▶ SUPPLIED DATA:

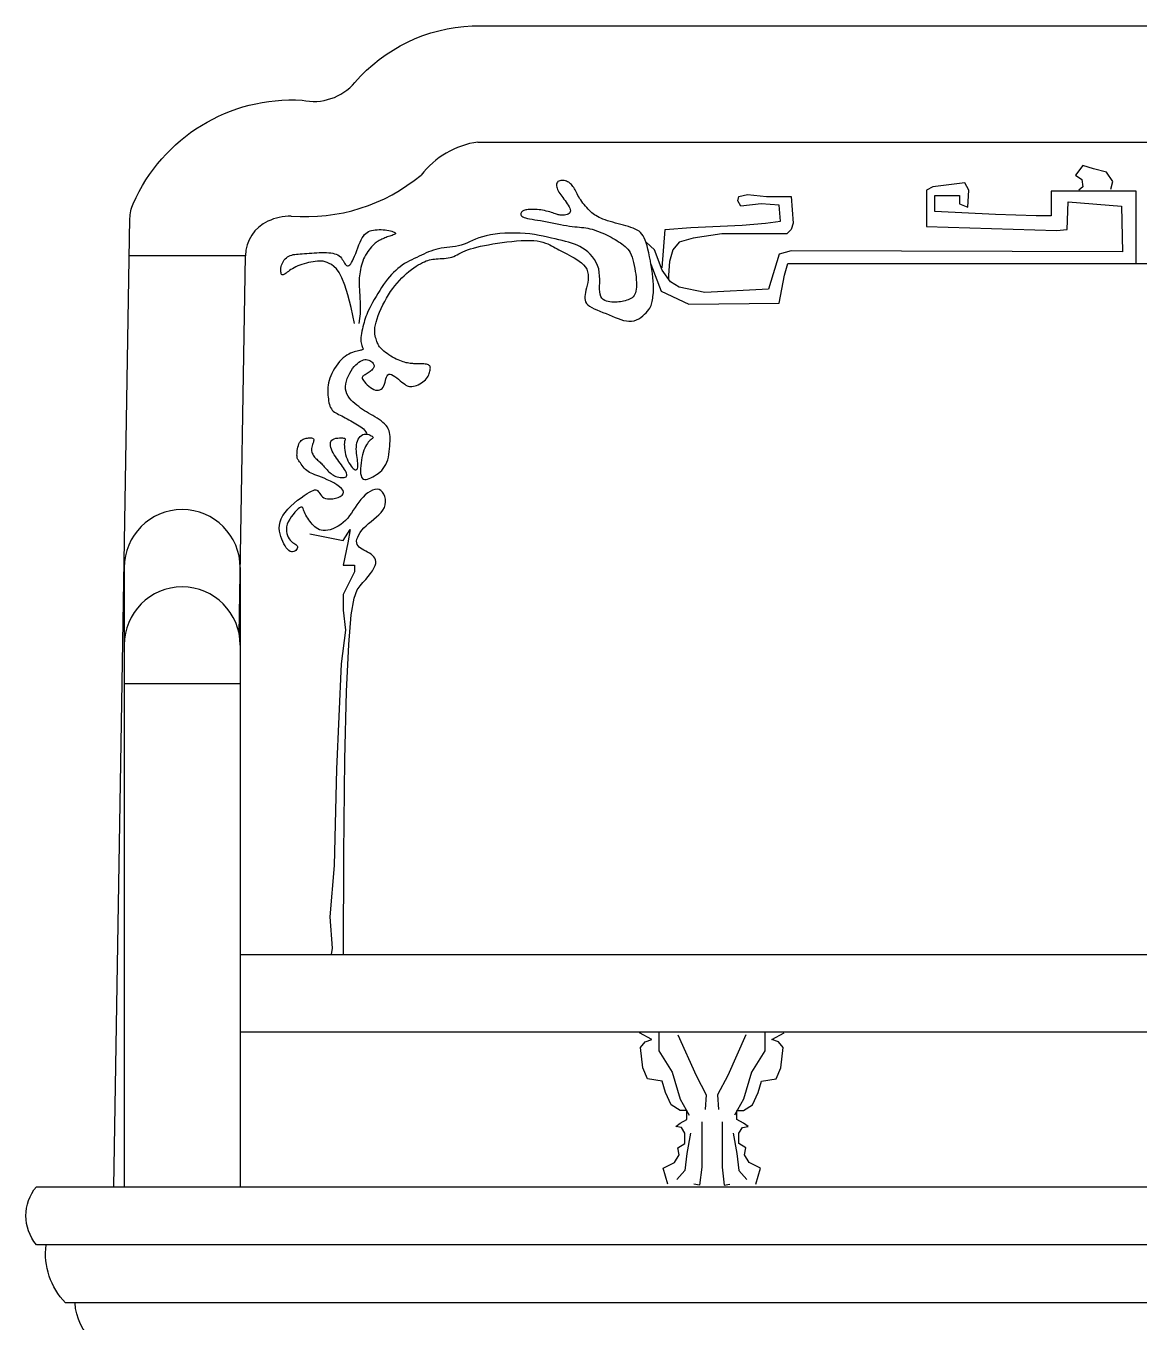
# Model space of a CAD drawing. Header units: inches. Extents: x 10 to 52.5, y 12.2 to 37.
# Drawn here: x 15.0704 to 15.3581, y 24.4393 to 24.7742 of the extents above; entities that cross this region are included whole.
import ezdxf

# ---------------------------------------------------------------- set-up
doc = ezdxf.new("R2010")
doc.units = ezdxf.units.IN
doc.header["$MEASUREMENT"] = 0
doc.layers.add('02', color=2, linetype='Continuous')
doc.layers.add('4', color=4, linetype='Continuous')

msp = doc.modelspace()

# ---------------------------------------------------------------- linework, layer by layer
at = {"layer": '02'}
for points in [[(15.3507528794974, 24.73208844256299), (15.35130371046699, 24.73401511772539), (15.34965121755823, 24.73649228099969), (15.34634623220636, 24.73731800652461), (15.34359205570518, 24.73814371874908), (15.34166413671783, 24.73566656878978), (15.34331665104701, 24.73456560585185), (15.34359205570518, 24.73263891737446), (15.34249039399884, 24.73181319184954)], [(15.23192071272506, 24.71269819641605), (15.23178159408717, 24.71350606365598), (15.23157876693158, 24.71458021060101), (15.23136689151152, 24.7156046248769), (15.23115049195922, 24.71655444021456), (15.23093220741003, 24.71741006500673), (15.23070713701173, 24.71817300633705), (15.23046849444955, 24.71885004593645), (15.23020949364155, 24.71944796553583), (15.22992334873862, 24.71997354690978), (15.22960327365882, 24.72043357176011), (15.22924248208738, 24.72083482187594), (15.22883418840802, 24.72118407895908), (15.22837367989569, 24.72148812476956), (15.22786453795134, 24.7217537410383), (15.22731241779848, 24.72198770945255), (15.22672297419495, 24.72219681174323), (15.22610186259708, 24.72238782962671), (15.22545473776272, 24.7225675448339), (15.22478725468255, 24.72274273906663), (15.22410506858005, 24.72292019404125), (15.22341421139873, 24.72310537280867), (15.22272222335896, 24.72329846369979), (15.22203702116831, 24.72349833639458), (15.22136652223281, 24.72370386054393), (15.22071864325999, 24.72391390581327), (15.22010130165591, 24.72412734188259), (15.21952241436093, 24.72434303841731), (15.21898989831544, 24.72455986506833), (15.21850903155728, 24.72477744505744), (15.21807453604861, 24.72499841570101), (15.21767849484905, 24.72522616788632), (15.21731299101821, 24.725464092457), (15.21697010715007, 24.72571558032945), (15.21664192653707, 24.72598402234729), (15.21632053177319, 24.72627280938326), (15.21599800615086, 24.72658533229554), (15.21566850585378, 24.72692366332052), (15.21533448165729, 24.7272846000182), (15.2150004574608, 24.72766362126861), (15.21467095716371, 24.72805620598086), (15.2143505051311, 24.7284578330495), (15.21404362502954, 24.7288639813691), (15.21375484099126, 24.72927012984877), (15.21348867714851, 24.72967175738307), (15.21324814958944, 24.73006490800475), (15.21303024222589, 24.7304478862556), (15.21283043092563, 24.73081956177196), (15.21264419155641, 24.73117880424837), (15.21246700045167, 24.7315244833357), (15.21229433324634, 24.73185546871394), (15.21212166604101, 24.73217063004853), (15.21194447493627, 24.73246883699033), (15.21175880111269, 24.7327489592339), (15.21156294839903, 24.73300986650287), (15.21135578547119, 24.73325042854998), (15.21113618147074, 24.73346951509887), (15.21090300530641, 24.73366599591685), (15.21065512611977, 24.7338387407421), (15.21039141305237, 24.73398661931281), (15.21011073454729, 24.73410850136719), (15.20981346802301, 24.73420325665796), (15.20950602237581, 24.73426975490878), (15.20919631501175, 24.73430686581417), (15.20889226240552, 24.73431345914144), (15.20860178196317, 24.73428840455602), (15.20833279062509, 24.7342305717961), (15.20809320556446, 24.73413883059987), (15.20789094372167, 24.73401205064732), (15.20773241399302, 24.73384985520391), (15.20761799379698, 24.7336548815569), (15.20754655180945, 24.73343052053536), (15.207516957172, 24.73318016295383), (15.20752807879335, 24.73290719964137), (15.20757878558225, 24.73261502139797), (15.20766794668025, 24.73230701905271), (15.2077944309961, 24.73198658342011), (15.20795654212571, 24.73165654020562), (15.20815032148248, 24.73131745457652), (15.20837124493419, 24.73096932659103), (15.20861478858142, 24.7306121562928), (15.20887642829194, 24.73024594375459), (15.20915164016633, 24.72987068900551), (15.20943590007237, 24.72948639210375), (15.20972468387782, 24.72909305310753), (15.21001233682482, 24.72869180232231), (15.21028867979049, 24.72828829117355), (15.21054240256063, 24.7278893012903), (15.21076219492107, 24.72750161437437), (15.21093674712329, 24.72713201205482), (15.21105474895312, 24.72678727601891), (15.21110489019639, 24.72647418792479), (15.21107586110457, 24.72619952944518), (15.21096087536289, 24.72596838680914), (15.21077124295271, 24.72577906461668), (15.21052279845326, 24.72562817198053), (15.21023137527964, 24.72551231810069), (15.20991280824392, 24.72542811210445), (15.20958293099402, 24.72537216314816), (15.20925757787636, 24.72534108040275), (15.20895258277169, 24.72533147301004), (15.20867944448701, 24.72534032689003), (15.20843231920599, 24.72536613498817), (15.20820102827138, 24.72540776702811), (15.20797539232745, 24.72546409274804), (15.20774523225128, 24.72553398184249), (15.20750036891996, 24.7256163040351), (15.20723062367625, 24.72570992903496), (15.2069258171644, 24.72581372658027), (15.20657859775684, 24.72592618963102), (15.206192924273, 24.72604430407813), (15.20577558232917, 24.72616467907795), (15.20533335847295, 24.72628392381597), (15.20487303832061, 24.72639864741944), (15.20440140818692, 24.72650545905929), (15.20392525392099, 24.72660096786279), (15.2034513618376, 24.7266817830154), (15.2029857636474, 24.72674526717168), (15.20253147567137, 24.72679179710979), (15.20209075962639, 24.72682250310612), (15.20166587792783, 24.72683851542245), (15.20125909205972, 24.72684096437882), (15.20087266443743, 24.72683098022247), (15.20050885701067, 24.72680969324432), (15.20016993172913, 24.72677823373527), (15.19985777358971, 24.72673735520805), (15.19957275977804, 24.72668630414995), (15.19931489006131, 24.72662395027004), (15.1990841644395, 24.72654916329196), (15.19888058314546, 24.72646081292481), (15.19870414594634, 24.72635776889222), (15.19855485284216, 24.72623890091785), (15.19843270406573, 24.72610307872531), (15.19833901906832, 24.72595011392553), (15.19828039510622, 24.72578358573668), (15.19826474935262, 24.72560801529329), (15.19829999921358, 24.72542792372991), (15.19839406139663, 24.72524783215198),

▶ YOUR INSTRUCTIONS: Restate word for word only the lines from where the entries begin through the one with "msp = doc.modelspace()"; omit the pictures.

▶ WRITTEN RESPONSE:
# Model space of a CAD drawing. Header units: inches. Extents: x 10 to 52.5, y 12.2 to 37.
# Drawn here: x 15.0704 to 15.3581, y 24.4393 to 24.7742 of the extents above; entities that cross this region are included whole.
import ezdxf

# ---------------------------------------------------------------- set-up
doc = ezdxf.new("R2010")
doc.units = ezdxf.units.IN
doc.header["$MEASUREMENT"] = 0
doc.layers.add('02', color=2, linetype='Continuous')
doc.layers.add('4', color=4, linetype='Continuous')

msp = doc.modelspace()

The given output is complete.